Async Performance

I spent some time today running performance numbers with various parts of the async stack loaded in.

My main concern is the speed impact we make on synchronous Django when this code lands - I don’t want sites that only use sync code to see a serious performance impact.

Sadly, right now we’re seeing a 10x performance slowdown on the request processing (from 0.6ms to 6ms). I did some playing around and the lowest we can possibly get for this (i.e. the cost of instantiating an event loop at all) is 0.8ms, which is not a huge increase and acceptable if we get down to it.

This is going to need some modification of asgiref and the complex code around threadlocals; now we have the ability to run sync code in the same thread as other sync code, a lot of it can likely be thrown away and replaced just with a safety catch that makes sure you don’t call them from async threads.

Otherwise, there’s the chance we’ll have to maintain two request paths in BaseHandler - one sync and one async. It’s not a huge amount of code, but it would be nice to avoid this.

2 Likes

Hi Andrew. I am reluctant to spend too much additional time on the async middleware until we have a plan for the overall performance concern.

In particular, it would be useful if we had some kind of light benchmarking tool developed that would show (1) the synchronous performance and (2) the asynchronous performance of: a tiny Django app with just a view function returning a fixed hello-world response with no other middlewares or models involved.

Such a tool would allow experimentation (and quick cycling) to get the basic baseline performance to a reasonable value. It would also be useful for me - and probably others on the async Django project - to ensure that PRs we’re putting together don’t regress performance unacceptably.

Since you detected this performance issue already, I suspect you may already have a leg-up on the creation of such a benchmarking tool. If not, then myself or others may be able to put one together once we can find some cycles.

1 Like

I think it may be a bit too early to focus on performance regressions. There is still a considerable global slowdown inherent to sync_to_async/async_to_sync which will probably need to be resolved independently of the work on the rest of the features.

I still wonder how the performance will look when we start comparing views that are more IO-bound (IIRC, the testes were mostly around an empty view).

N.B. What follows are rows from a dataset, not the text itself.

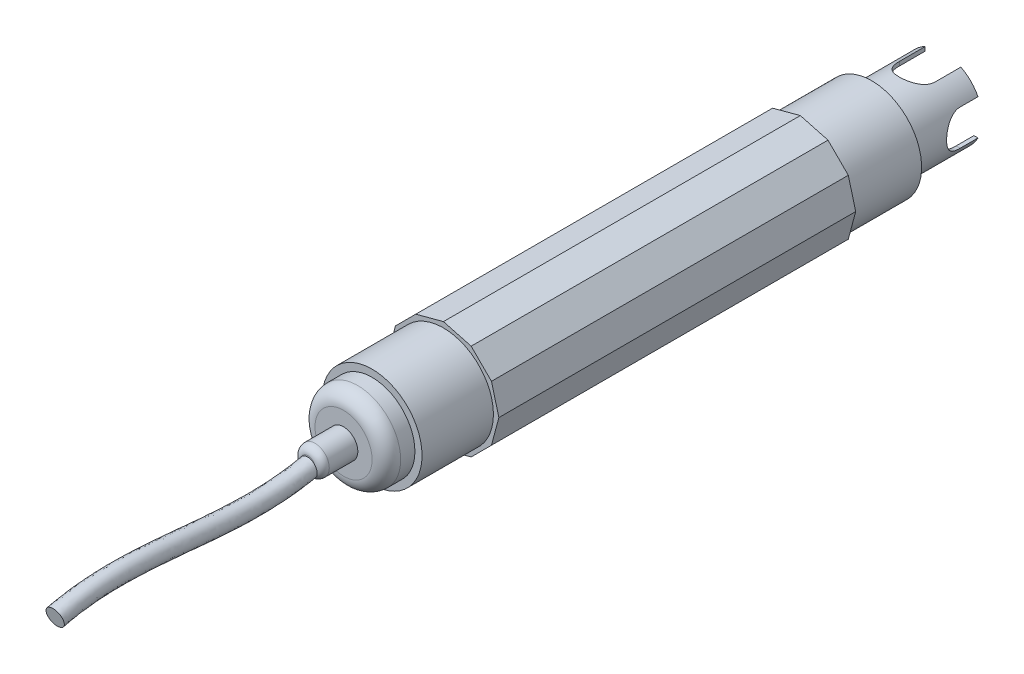
SolidWorks part; units mm, degrees
ref_plane "Front Plane" through (0, 0, 0) normal (0, 0, 1) x (1, 0, 0)
ref_plane "Top Plane" through (0, 0, 0) normal (0, 1, 0) x (1, 0, 0)
ref_plane "Right Plane" through (0, 0, 0) normal (1, 0, 0) x (0, 0, -1)
sketch "Sketch1" plane through (0, 0, 0) normal (0, 0, 1) x (1, 0, 0)
  line L0 (-15.5291, 0) -> (-13.4486, -7.7646)
  line L1 (15.5291, 0) -> (13.4486, 7.7646)
  line L2 (13.4486, 7.7646) -> (7.7646, 13.4486)
  line L3 (7.7646, 13.4486) -> (0, 15.5291)
  line L4 (0, 15.5291) -> (-7.7646, 13.4486)
  line L5 (-7.7646, 13.4486) -> (-13.4486, 7.7646)
  line L6 (-13.4486, 7.7646) -> (-15.5291, 0)
  line L7 (-13.4486, -7.7646) -> (-7.7646, -13.4486)
  line L8 (-7.7646, -13.4486) -> (0, -15.5291)
  line L9 (0, -15.5291) -> (7.7646, -13.4486)
  line L10 (7.7646, -13.4486) -> (13.4486, -7.7646)
  line L11 (13.4486, -7.7646) -> (15.5291, 0)
  circle A0 centre (0, 0) radius 15 construction
extrude "Boss-Extrude1" add sketch "Sketch1" against normal blind 100
sketch "Sketch2" plane through (0, 0, 0) normal (0, 0, 1) x (1, 0, 0)
  circle A0 centre (0, 0) radius 14
  dimension "D1" = 28
extrude "Boss-Extrude2" add sketch "Sketch2" along normal blind 20
sketch "Sketch3" plane through (0, 0, 20) normal (0, 0, 1) x (1, 0, 0)
  circle A0 centre (0, 0) radius 12
extrude "Boss-Extrude3" add sketch "Sketch3" along normal blind 8
fillet "Fillet1" radius 4 1 edges at (12, 0, 28)
sketch "Sketch4" plane through (0, 0, 28) normal (0, 0, 1) x (1, 0, 0)
  circle A0 centre (0, 0) radius 4
extrude "Boss-Extrude4" add sketch "Sketch4" along normal blind 10
fillet "Fillet2" radius 2 1 edges at (4, 0, 38)
sketch "Sketch6" plane through (0, 0, -100) normal (0, 0, -1) x (-1, 0, 0)
  circle A0 centre (0, 0) radius 14
extrude "Boss-Extrude6" add sketch "Sketch6" along normal blind 20
sketch "Sketch7" plane through (0, 0, -120) normal (0, 0, -1) x (-1, 0, 0)
  circle A0 centre (0, 0) radius 10
  circle A1 centre (0, 0) radius 11
  dimension "D1" = 1
extrude "Boss-Extrude7" add sketch "Sketch7" along normal blind 20
sketch "Sketch8" plane through (0, 0, 0) normal (1, 0, 0) x (0, 0, -1)
  line L0 (140, -11) -> (140, 11) construction
  line L1 (145, -5) -> (135, -5)
  line L2 (145, -5) -> (145, 5)
  line L3 (145, 5) -> (135, 5)
  line L5 (145, -5) -> (135, 5) construction
  line L6 (145, 5) -> (135, -5) construction
  arc A0 (135, 5) -> (135, -5) centre (135, 0) ccw
  point P0 (140, 0)
  dimension "D1" = 10
extrude "Cut-Extrude1" cut sketch "Sketch8" against normal up to next and the other way up to next
sketch "Sketch9" plane through (0, 0, 0) normal (0, 1, 0) x (1, 0, 0)
  line L0 (9.798, 140) -> (-9.798, 140) construction
  line L2 (-5, 132.7558) -> (-5, 147.2442)
  line L3 (-5, 147.2442) -> (5, 147.2442)
  line L4 (5, 132.7558) -> (5, 147.2442)
  line L5 (-5, 132.7558) -> (5, 147.2442) construction
  line L6 (-5, 147.2442) -> (5, 132.7558) construction
  arc A0 (-5, 132.7558) -> (5, 132.7558) centre (0, 132.7558) ccw
  point P0 (0, 140)
  dimension "D1" = 10
extrude "Cut-Extrude2" cut sketch "Sketch9" against normal up to next and the other way up to next
sketch "Sketch10" plane through (0, 0, -120) normal (0, 0, -1) x (-1, 0, 0)
  circle A0 centre (0, 0) radius 10
extrude "Boss-Extrude8" add sketch "Sketch10" along normal blind 8
sketch "Sketch11" plane through (0, 0, -128) normal (0, 0, -1) x (-1, 0, 0)
  circle A0 centre (0, 0) radius 3
extrude "Boss-Extrude9" add sketch "Sketch11" along normal blind 6
fillet "Fillet3" radius 3 1 edges at (-3, 0, -134)
sketch "Sketch23" plane through (0, 0, 0) normal (1, 0, 0) x (0, 0, -1)
  spline S0 degree 3 poles (-34.2183, 0) (-59.081, -6.9051) (-83.9859, 4.2525) (-108.8162, -1.8443) knots 0 0 0 0 1 1 1 1
  point P2 (-108.8162, -1.8443)
  point P4 (-81.6263, -3.0062)
  point P6 (-64.1969, 0)
  point P7 (-34.2183, 0)
  point P8 (-61.1758, -2.0767)
  point P9 (-88.1333, 0)
sweep "Sweep1" add path "Sketch23" circular profile diameter 5 parameters "D3"=5
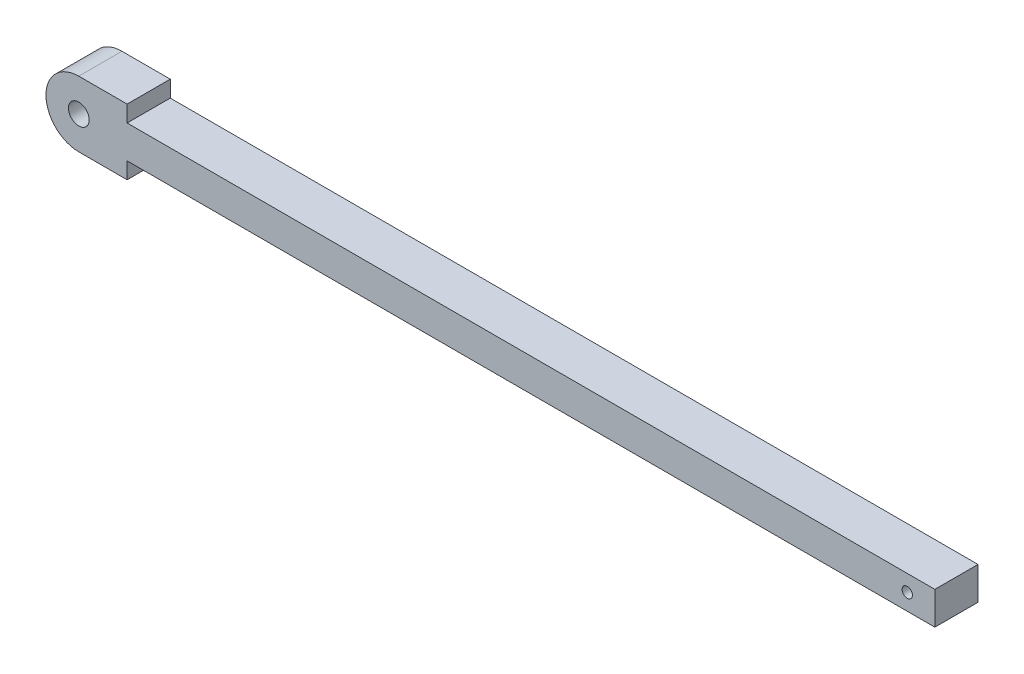
SolidWorks part; units mm, degrees
material "Gray Cast Iron"
ref_plane "Front Plane" through (0, 0, 0) normal (0, 0, 1) x (1, 0, 0)
ref_plane "Top Plane" through (0, 0, 0) normal (0, 1, 0) x (1, 0, 0)
ref_plane "Right Plane" through (0, 0, 0) normal (1, 0, 0) x (0, 0, -1)
sketch "Sketch1" plane through (0, 0, 0) normal (0, 0, 1) x (1, 0, 0)
  line L0 (0, -9.5) -> (14, -9.5)
  line L1 (14, -9.5) -> (14, -4.75)
  line L2 (14, -4.75) -> (248, -4.75)
  line L3 (248, -4.75) -> (248, 4.75)
  line L4 (248, 4.75) -> (14, 4.75)
  line L5 (14, 4.75) -> (14, 9.5)
  line L6 (14, 9.5) -> (0, 9.5)
  arc A0 (0, 9.5) -> (0, -9.5) centre (0, 0) ccw
extrude "Boss-Extrude1" add sketch "Sketch1" along normal blind 12.5
sketch "Sketch2" plane through (0, 0, 0) normal (0, 0, 1) x (1, 0, 0)
  circle A0 centre (0, 0) radius 3
  circle A1 centre (240, 0) radius 1.5
  dimension "D1" = 6
  dimension "D2" = 3
extrude "Cut-Extrude1" cut sketch "Sketch2" against normal mid plane 40

It’s probably not too difficult to put together such a test with https://github.com/django/djangobench, but it would, of course, be easier if we can reuse what’s already been done.

I do indeed have a benchmarking tool in that I have a very basic Django view that returns a string, and I run it through a HTTP benchmarking tool in both ASGI mode and WSGI mode (as well as mutating various parts of the ASGI stack and how many sync_to_async calls there are, etc.)

I’ve not been able to do it for the last few weeks because of conferences and moving house, and that will continue for at least another week or two. I don’t mind if we had a few ms to each request in async mode, but the problem was that it was adding a lot of time to projects even in WSGI mode (as the WSGI path used a single async handler). We might need two handler paths for speed.